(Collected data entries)
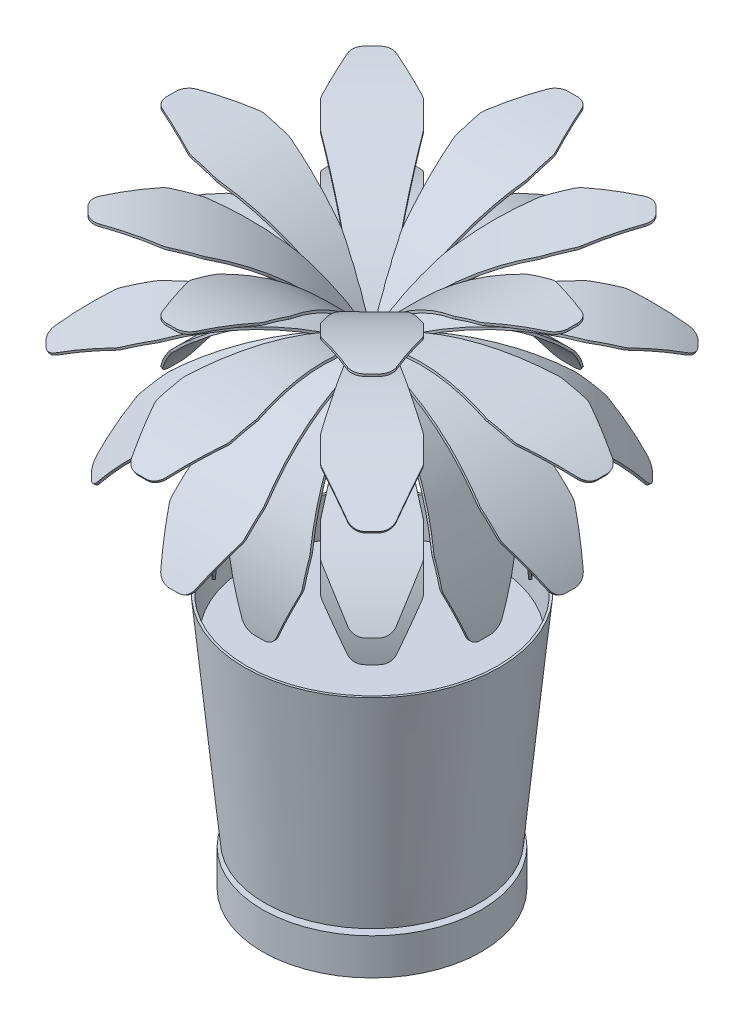
SolidWorks part; units mm, degrees
note: '?' marks a value the reader was unsure of.
material "Beech"
ref_plane "Front Plane" through (0, 0, 0) normal (0, 0, 1) x (1, 0, 0)
ref_plane "Top Plane" through (0, 0, 0) normal (0, 1, 0) x (1, 0, 0)
ref_plane "Right Plane" through (0, 0, 0) normal (1, 0, 0) x (0, 0, -1)
ref_axis "X-Axis" through (-88.99, 0, 0) along (1, 0, 0)?
ref_axis "Y-Axis" through (0, 55, 0) along (0, -1, 0)?
ref_axis "Z-Axis" through (0, 0, -88.99) along (0, 0, 1)?
sketch "Sketch1" plane through (0, 0, 0) normal (0, 0, 1) x (1, 0, 0)
  line L0 (0, 0) -> (0, 152.4)
  line L1 (87.3052, 177.8) -> (88.9, 177.8)
  line L2 (88.9, 177.8) -> (74.6125, 28.575)
  line L3 (74.6125, 28.575) -> (69.85, 28.575)
  line L4 (69.85, 28.575) -> (69.85, 25.4)
  line L5 (69.85, 25.4) -> (76.2, 25.4)
  line L6 (76.2, 25.4) -> (76.2, 0)
  line L7 (76.2, 0) -> (0, 0)
  line L8 (0, 0) -> (0, -76.2) construction
  line L9 (87.3052, 177.8) -> (84.8733, 152.4)
  line L10 (84.8733, 152.4) -> (0, 152.4)
  dimension "D1" = 25.4
  dimension "D2" = 177.8
  dimension "D3" = 152.4
  dimension "D4" = 6.35
  dimension "D5" = 3.175
  dimension "D6" = 1.5875
  dimension "D7" = 177.8
  dimension "D8" = 25.4
  dimension "D9" = 1.5875
revolve "Revolve1" add sketch "Sketch1" angle 360 about L8
sketch "Sketch3" plane through (0, 152.4, 0) normal (0, 1, 0) x (1, 0, 0)
  circle A0 centre (0, 0) radius 9.525
  dimension "D1" = 19.05
extrude "Boss-Extrude1" add sketch "Sketch3" along normal blind 177.8 draft 2 separate body
sketch "Sketch4" plane through (0, 0, 0) normal (0, 0, 1) x (1, 0, 0)
  line L0 (3.3161, 330.2) -> (-3.3161, 330.2) construction
  line L1 (77.1118, 190.5) -> (78.6993, 190.5)
  line L2 (0.846, 331.5433) -> (0, 330.2)
  line L3 (87.3052, 177.8) -> (-87.3052, 177.8) construction
  arc A0 (0, 330.2) -> (77.1118, 190.5) centre (-87.9882, 190.5) cw
  arc A1 (78.6993, 190.5) -> (0.846, 331.5433) centre (-87.9882, 190.5) ccw
  dimension "D2" = 165.1
  dimension "D1" = 1.5875
  dimension "D3" = 12.7
extrude "Boss-Extrude2" add sketch "Sketch4" along normal mid plane 50.8 separate body
sketch "Sketch5" plane through (0, 0, 0) normal (1, 0, 0) x (0, 0, -1)
  line L0 (-9.525, 190.5) -> (-25.4, 228.6)
  line L1 (-25.4, 331.5433) -> (-25.4, 190.5) construction
  line L2 (-25.4, 228.6) -> (-25.4, 247.65)
  line L3 (-25.4, 247.65) -> (-6.35, 331.5433)
  line L4 (-25.4, 331.5433) -> (25.4, 331.5433) construction
  line L5 (-6.35, 331.5433) -> (6.35, 331.5433)
  line L6 (6.35, 331.5433) -> (25.4, 247.65)
  line L7 (25.4, 190.5) -> (25.4, 331.5433) construction
  line L8 (25.4, 247.65) -> (25.4, 228.6)
  line L9 (25.4, 228.6) -> (9.525, 190.5)
  line L10 (-25.4, 190.5) -> (25.4, 190.5) construction
  line L11 (-9.525, 190.5) -> (9.525, 190.5)
  line L12 (0, 190.5) -> (0, 0) construction
  dimension "D1" = 19.05
  dimension "D2" = 19.05
  dimension "D3" = 38.1
  dimension "D4" = 12.7
extrude "Cut-Extrude1" cut sketch "Sketch5" along normal through all flip side to cut
fillet "Fillet6" radius 9.525 6 edges at (73.4711, 228.6, 25.4) (67.7505, 247.65, 25.4) (67.7505, 247.65, -25.4) (73.4711, 228.6, -25.4) (77.9056, 190.5, 9.525) (77.9056, 190.5, -9.525)
pattern_circular "CirPattern2" count 4 every 30 about axis through (0, 330.2, 0) along (0, 0, 1) of bodies 104
pattern_circular "CirPattern3" count 8 over 360 about axis through (0, 0, 0) along (0, 1, 0) of bodies 107 106 105 104

■ **Assignment**:
What you return should be only the exact lines from the top of the entries through the line with "along (0, 0, 1)?", minus the pictures.

■ **Result**:
SolidWorks part; units mm, degrees
note: '?' marks a value the reader was unsure of.
material "Beech"
ref_plane "Front Plane" through (0, 0, 0) normal (0, 0, 1) x (1, 0, 0)
ref_plane "Top Plane" through (0, 0, 0) normal (0, 1, 0) x (1, 0, 0)
ref_plane "Right Plane" through (0, 0, 0) normal (1, 0, 0) x (0, 0, -1)
ref_axis "X-Axis" through (-88.99, 0, 0) along (1, 0, 0)?
ref_axis "Y-Axis" through (0, 55, 0) along (0, -1, 0)?
ref_axis "Z-Axis" through (0, 0, -88.99) along (0, 0, 1)?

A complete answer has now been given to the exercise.